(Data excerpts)

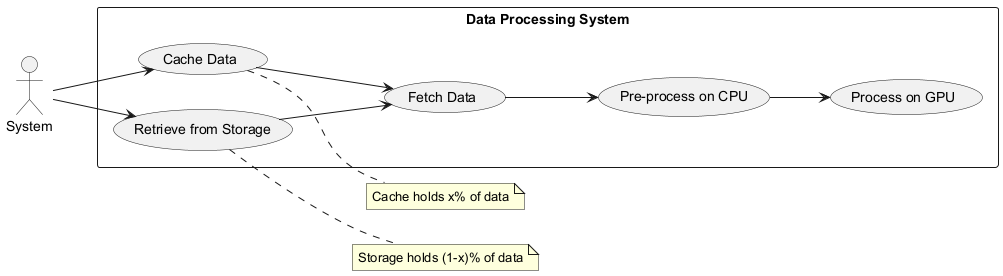

The diagram above was rendered by PlantUML. Its source (embedded in the PNG):
@startuml
left to right direction
actor "System" as sys

rectangle "Data Processing System" {
  usecase "Cache Data" as UC1
  usecase "Retrieve from Storage" as UC2
  usecase "Fetch Data" as UC3
  usecase "Pre-process on CPU" as UC4
  usecase "Process on GPU" as UC5
}

sys --> UC1
sys --> UC2
UC1 --> UC3
UC2 --> UC3
UC3 --> UC4
UC4 --> UC5

note right of UC1: Cache holds x% of data
note right of UC2: Storage holds (1-x)% of data
@enduml
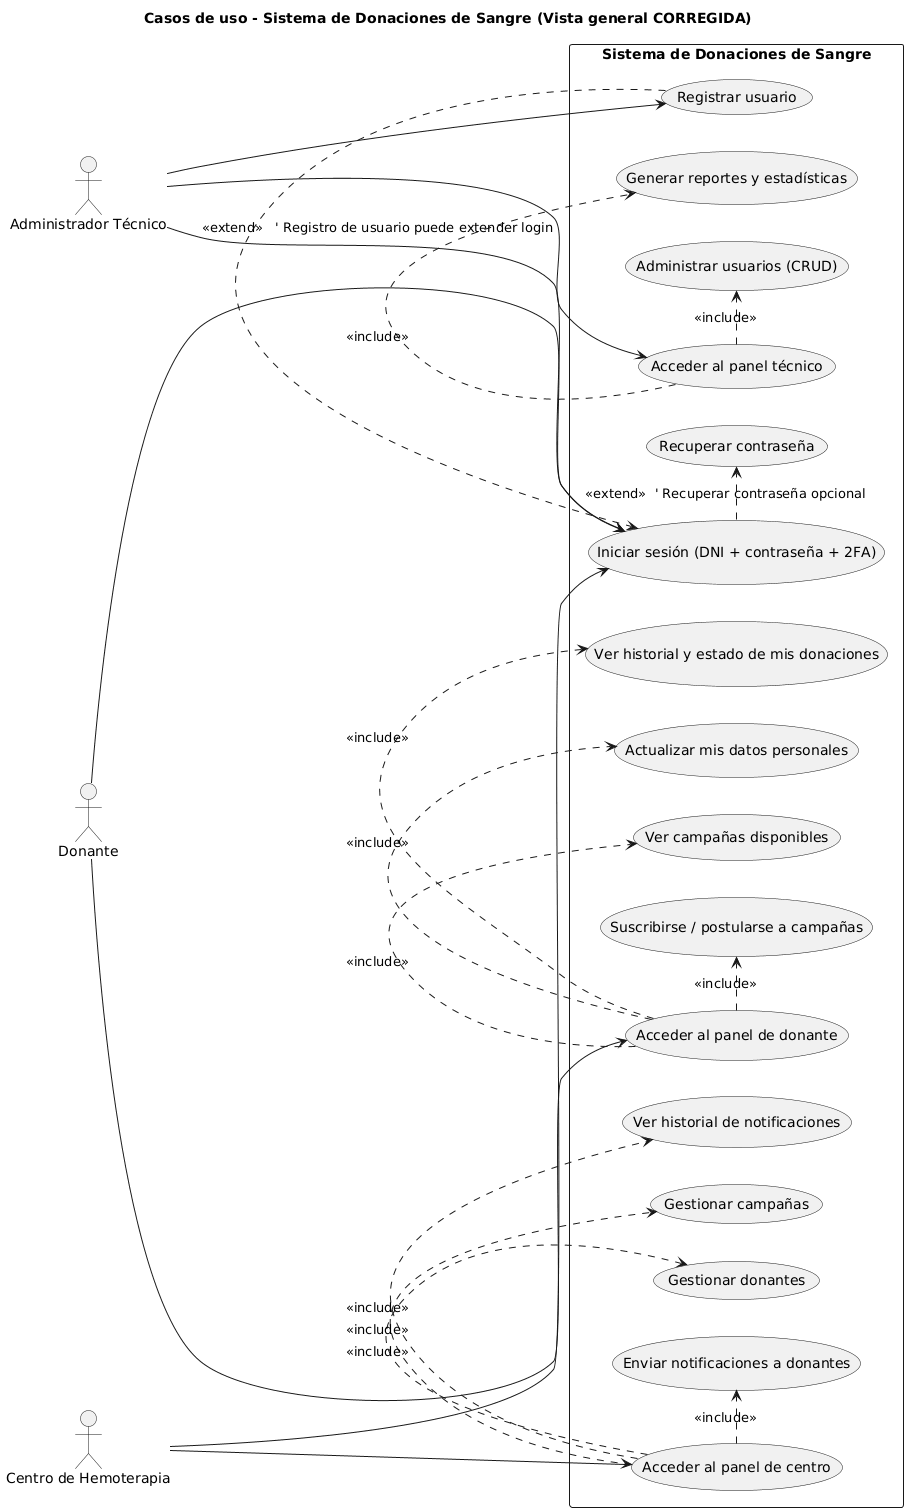

The diagram above was rendered by PlantUML. Its source (embedded in the PNG):
@startuml
left to right direction
title Casos de uso - Sistema de Donaciones de Sangre (Vista general CORREGIDA)

actor "Administrador Técnico" as Admin
actor "Centro de Hemoterapia" as Centro
actor "Donante" as Donante

rectangle "Sistema de Donaciones de Sangre" {

  ' ---- Autenticación / seguridad ----
  usecase "Iniciar sesión (DNI + contraseña + 2FA)" as UC1
  usecase "Recuperar contraseña" as UC10
  usecase "Registrar usuario" as UC2

  ' ---- Panel Técnico ----
  usecase "Acceder al panel técnico" as UC4
  usecase "Administrar usuarios (CRUD)" as UC3
  usecase "Generar reportes y estadísticas" as UC11

  ' ---- Panel Centro ----
  usecase "Acceder al panel de centro" as UC5
  usecase "Gestionar campañas" as UC6
  usecase "Gestionar donantes" as UC7
  usecase "Enviar notificaciones a donantes" as UC8
  usecase "Ver historial de notificaciones" as UC9

  ' ---- Panel Donante ----
  usecase "Acceder al panel de donante" as UC12
  usecase "Ver campañas disponibles" as UC13
  usecase "Suscribirse / postularse a campañas" as UC14
  usecase "Ver historial y estado de mis donaciones" as UC15
  usecase "Actualizar mis datos personales" as UC16
}

' ------- Relaciones del Administrador Técnico -------
Admin --> UC1
Admin --> UC2
Admin --> UC4

' Dentro del panel técnico
UC4 .> UC3 : <<include>>
UC4 .> UC11 : <<include>>

' ------- Relaciones del Centro de Hemoterapia -------
Centro --> UC1
Centro --> UC5

' Dentro del panel de centro
UC5 .> UC6 : <<include>>
UC5 .> UC7 : <<include>>
UC5 .> UC8 : <<include>>
UC5 .> UC9 : <<include>>

' ------- Relaciones del Donante -------
Donante --> UC1
Donante --> UC12

' Dentro del panel de donante
UC12 .> UC13 : <<include>>
UC12 .> UC14 : <<include>>
UC12 .> UC15 : <<include>>
UC12 .> UC16 : <<include>>

' ------- Relaciones transversales -------
UC1 .> UC10 : <<extend>>  ' Recuperar contraseña opcional
UC2 .> UC1 : <<extend>>   ' Registro de usuario puede extender login
@enduml
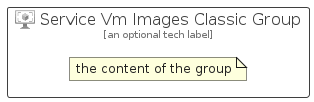

The diagram above was rendered by PlantUML. Its source (embedded in the PNG):
@startuml
' configures the library
!global $INCLUSION_MODE="local"
!global $LIB_BASE_LOCATION="../../.."

' loads the library's bootstrap
!include $LIB_BASE_LOCATION/bootstrap.puml

' loads the package bootstrap
include('azure-6/bootstrap')

' loads the Item which embeds the element ServiceVmImagesClassicGroup
include('azure-6/Item/Compute/ServiceVmImagesClassic')

' renders the element
ServiceVmImagesClassicGroup('ServiceVmImagesClassicGroup', 'Service Vm Images Classic Group', 'an optional tech label') {
    note as note
        the content of the group
    end note
}
@enduml
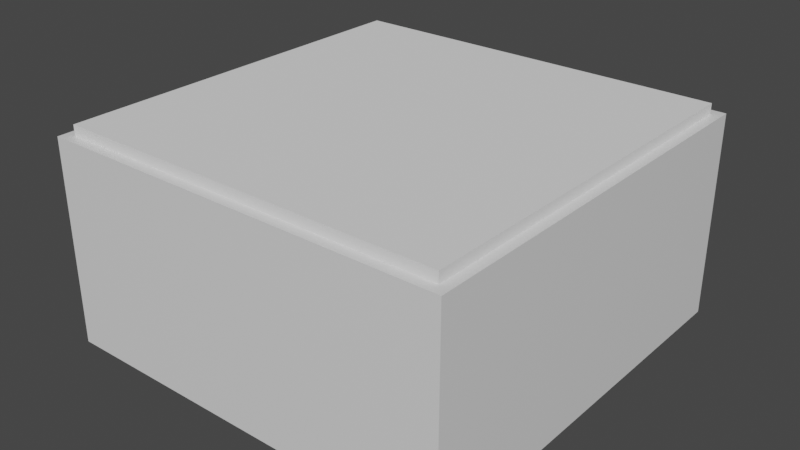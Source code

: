 # Source: Green_Roof_Pot.blend  (saved by Blender 3.0.42; exported with 4.5.12 LTS)
import bpy
from mathutils import Matrix  # noqa: F401  (used for matrix-valued properties, if any)

bpy.ops.wm.read_factory_settings(use_empty=True)
scene = bpy.context.scene
scene.name = 'Scene'

# ---- collections
col_collection = bpy.data.collections.new('Collection'); scene.collection.children.link(col_collection)

# ---- materials (node trees are filled in below, after node groups)
mat_material = bpy.data.materials.new('Material')
mat_material.alpha_threshold = 0.0
mat_material.use_transparent_shadow = False
mat_material.line_color = (0.0, 0.0, 0.0, 1.0)

# ---- material node trees
mat_material.use_nodes = True; mat_material.node_tree.nodes.clear()
_N = mat_material.node_tree.nodes; _L = mat_material.node_tree.links
n0 = _N.new('ShaderNodeOutputMaterial'); n0.name = 'Material Output'; n0.location = (300, 300)
n1 = _N.new('ShaderNodeBsdfPrincipled'); n1.name = 'Principled BSDF'; n1.location = (10, 300)
n1.distribution = 'GGX'
n1.subsurface_method = 'RANDOM_WALK_SKIN'
n1.inputs[2].default_value = 0.4
n1.inputs[3].default_value = 1.45
n1.inputs[27].default_value = (0.0, 0.0, 0.0, 1.0)
n1.inputs[28].default_value = 1.0
_L.new(n1.outputs[0], n0.inputs[0])
n0.is_active_output = True

# ---- world
world_world = bpy.data.worlds.new('World'); scene.world = world_world
world_world.use_nodes = True; world_world.node_tree.nodes.clear()
_N = world_world.node_tree.nodes; _L = world_world.node_tree.links
n0 = _N.new('ShaderNodeOutputWorld'); n0.name = 'World Output'; n0.location = (300, 300)
n1 = _N.new('ShaderNodeBackground'); n1.name = 'Background'; n1.location = (10, 300)
n1.inputs[0].default_value = (0.05088, 0.05088, 0.05088, 1.0)
_L.new(n1.outputs[0], n0.inputs[0])
n0.is_active_output = True
world_world.color = (0.05088, 0.05088, 0.05088)
world_world.use_sun_shadow = False
world_world.sun_shadow_jitter_overblur = 0.0

# ---- meshes
me_cube = bpy.data.meshes.new('Cube')
me_cube.from_pydata([(1.0, 1.0, 1.0), (-0.95, -0.95, -0.9), (1.0, 1.0, -1.0), (1.0, -1.0, 1.0), (-0.95, 0.95, -0.9), (1.0, -1.0, -1.0), (-1.0, 1.0, 1.0), (0.95, -0.95, -0.9), (-1.0, 1.0, -1.0), (-1.0, -1.0, 1.0), (0.95, 0.95, -0.9), (-1.0, -1.0, -1.0), (-0.95, -0.95, 1.0), (0.95, 0.95, 1.0), (-0.95, 0.95, 1.0), (0.95, -0.95, 1.0)], [], [(6, 9, 3, 15, 12, 14), (3, 0, 6, 14, 13, 15), (5, 3, 9, 11), (11, 9, 6, 8), (8, 2, 5, 11), (2, 0, 3, 5), (8, 6, 0, 2), (12, 1, 4, 14), (14, 4, 10, 13), (10, 7, 15, 13), (7, 1, 12, 15), (4, 1, 7, 10)])
_uv = me_cube.uv_layers.new(name='UVMap')
_uv.uv.foreach_set('vector', [0.875, 0.5, 0.875, 0.75, 0.625, 0.75, 0.6312, 0.7437, 0.8688, 0.7437, 0.8688, 0.5063, 0.625, 0.75, 0.625, 0.5, 0.875, 0.5, 0.8688, 0.5063, 0.6312, 0.5062, 0.6312, 0.7437, 0.375, 0.75, 0.625, 0.75, 0.625, 1.0, 0.375, 1.0, 0.375, 0.0, 0.625, 0.0, 0.625, 0.25, 0.375, 0.25, 0.125, 0.5, 0.375, 0.5, 0.375, 0.75, 0.125, 0.75, 0.375, 0.5, 0.625, 0.5, 0.625, 0.75, 0.375, 0.75, 0.375, 0.25, 0.625, 0.25, 0.625, 0.5, 0.375, 0.5, 0.6125, 0.0, 0.375, 0.0, 0.375, 0.25, 0.6125, 0.25, 0.6125, 0.25, 0.375, 0.25, 0.375, 0.5, 0.6125, 0.5, 0.375, 0.5, 0.375, 0.75, 0.6125, 0.75, 0.6125, 0.5, 0.375, 0.75, 0.375, 1.0, 0.6125, 1.0, 0.6125, 0.75, 0.125, 0.5, 0.125, 0.75, 0.375, 0.75, 0.375, 0.5])
me_cube.materials.append(mat_material)
me_cube.use_remesh_preserve_volume = False
me_cube.use_remesh_preserve_attributes = False
me_cube.use_mirror_vertex_groups = False
me_cube.update()
me_cube_001 = bpy.data.meshes.new('Cube.001')
me_cube_001.from_pydata([(-1.0, -1.0, -1.0), (-1.0, -1.0, 1.0), (-1.0, 1.0, -1.0), (-1.0, 1.0, 1.0), (1.0, -1.0, -1.0), (1.0, -1.0, 1.0), (1.0, 1.0, -1.0), (1.0, 1.0, 1.0)], [], [(0, 1, 3, 2), (2, 3, 7, 6), (6, 7, 5, 4), (4, 5, 1, 0), (2, 6, 4, 0), (7, 3, 1, 5)])
_uv = me_cube_001.uv_layers.new(name='UVMap')
_uv.uv.foreach_set('vector', [0.375, 0.0, 0.625, 0.0, 0.625, 0.25, 0.375, 0.25, 0.375, 0.25, 0.625, 0.25, 0.625, 0.5, 0.375, 0.5, 0.375, 0.5, 0.625, 0.5, 0.625, 0.75, 0.375, 0.75, 0.375, 0.75, 0.625, 0.75, 0.625, 1.0, 0.375, 1.0, 0.125, 0.5, 0.375, 0.5, 0.375, 0.75, 0.125, 0.75, 0.625, 0.5, 0.875, 0.5, 0.875, 0.75, 0.625, 0.75])
me_cube_001.use_remesh_fix_poles = True
me_cube_001.use_remesh_preserve_attributes = False
me_cube_001.update()

# ---- objects
ob_cube = bpy.data.objects.new('Cube', me_cube)
ob_cube_001 = bpy.data.objects.new('Cube.001', me_cube_001)

# ---- transforms, parenting, visibility, modifiers, constraints
ob_cube.location = (0.0, 0.0, 1.0)
ob_cube.scale = (2.0, 2.0, 1.0)
ob_cube.lock_rotations_4d = False
ob_cube.empty_display_type = 'ARROWS'
ob_cube.lineart.crease_threshold = 0.0
ob_cube_001.location = (0.0, 0.0, 1.1)
ob_cube_001.scale = (1.9, 1.9, 1.0)

# ---- collection membership
col_collection.objects.link(ob_cube)
col_collection.objects.link(ob_cube_001)

# ---- scene / render settings (as saved in the file)
scene.frame_start = 1; scene.frame_end = 250; scene.frame_set(1)
scene.render.engine = 'BLENDER_EEVEE_NEXT'
scene.cycles.sampling_pattern = 'TABULATED_SOBOL'
scene.cycles.use_light_tree = False
scene.view_settings.view_transform = 'Filmic'
bpy.context.view_layer.update()

# ---- added for rendering (the .blend has no active camera and no usable light): camera, sun
cam_auto = bpy.data.cameras.new('AutoCamera')
cam_auto.lens = 50.0
cam_auto.sensor_width = 36.0
cam_auto.clip_end = 1000.0
ob_auto_camera = bpy.data.objects.new('AutoCamera', cam_auto)
scene.collection.objects.link(ob_auto_camera)
ob_auto_camera.location = (5.58287, -6.69944, 5.5163)
ob_auto_camera.rotation_euler = (1.09748, -7.21219e-08, 0.694738)
scene.camera = ob_auto_camera
light_auto_sun = bpy.data.lights.new('AutoSun', 'SUN')
light_auto_sun.energy = 3.0
light_auto_sun.angle = 0.0523599
ob_auto_sun = bpy.data.objects.new('AutoSun', light_auto_sun)
scene.collection.objects.link(ob_auto_sun)
ob_auto_sun.rotation_euler = (0.872665, 0.174533, 0.523599)
bpy.context.view_layer.update()

> WHAT THE TASK REQUIRES:
Once the line with "the library's bootstrap" is found above, print it and every line after it through the line with "mat_material.use_nodes = True;", exactly. Pictures stay out.

> REPLY:
' loads the library's bootstrap
!include $LIB_BASE_LOCATION/bootstrap.puml

' loads the package bootstrap
include('azure-6/bootstrap')

' loads the Item which embeds the element ServiceVmImagesClassicGroup
include('azure-6/Item/Compute/ServiceVmImagesClassic')

' renders the element
ServiceVmImagesClassicGroup('ServiceVmImagesClassicGroup', 'Service Vm Images Classic Group', 'an optional tech label') {
    note as note
        the content of the group
    end note
}
@enduml
Source code

: # Source: Green_Roof_Pot.blend  (saved by Blender 3.0.42; exported with 4.5.12 LTS)
import bpy
from mathutils import Matrix  # noqa: F401  (used for matrix-valued properties, if any)

bpy.ops.wm.read_factory_settings(use_empty=True)
scene = bpy.context.scene
scene.name = 'Scene'

# ---- collections
col_collection = bpy.data.collections.new('Collection'); scene.collection.children.link(col_collection)

# ---- materials (node trees are filled in below, after node groups)
mat_material = bpy.data.materials.new('Material')
mat_material.alpha_threshold = 0.0
mat_material.use_transparent_shadow = False
mat_material.line_color = (0.0, 0.0, 0.0, 1.0)

# ---- material node trees
mat_material.use_nodes = True; mat_material.node_tree.nodes.clear()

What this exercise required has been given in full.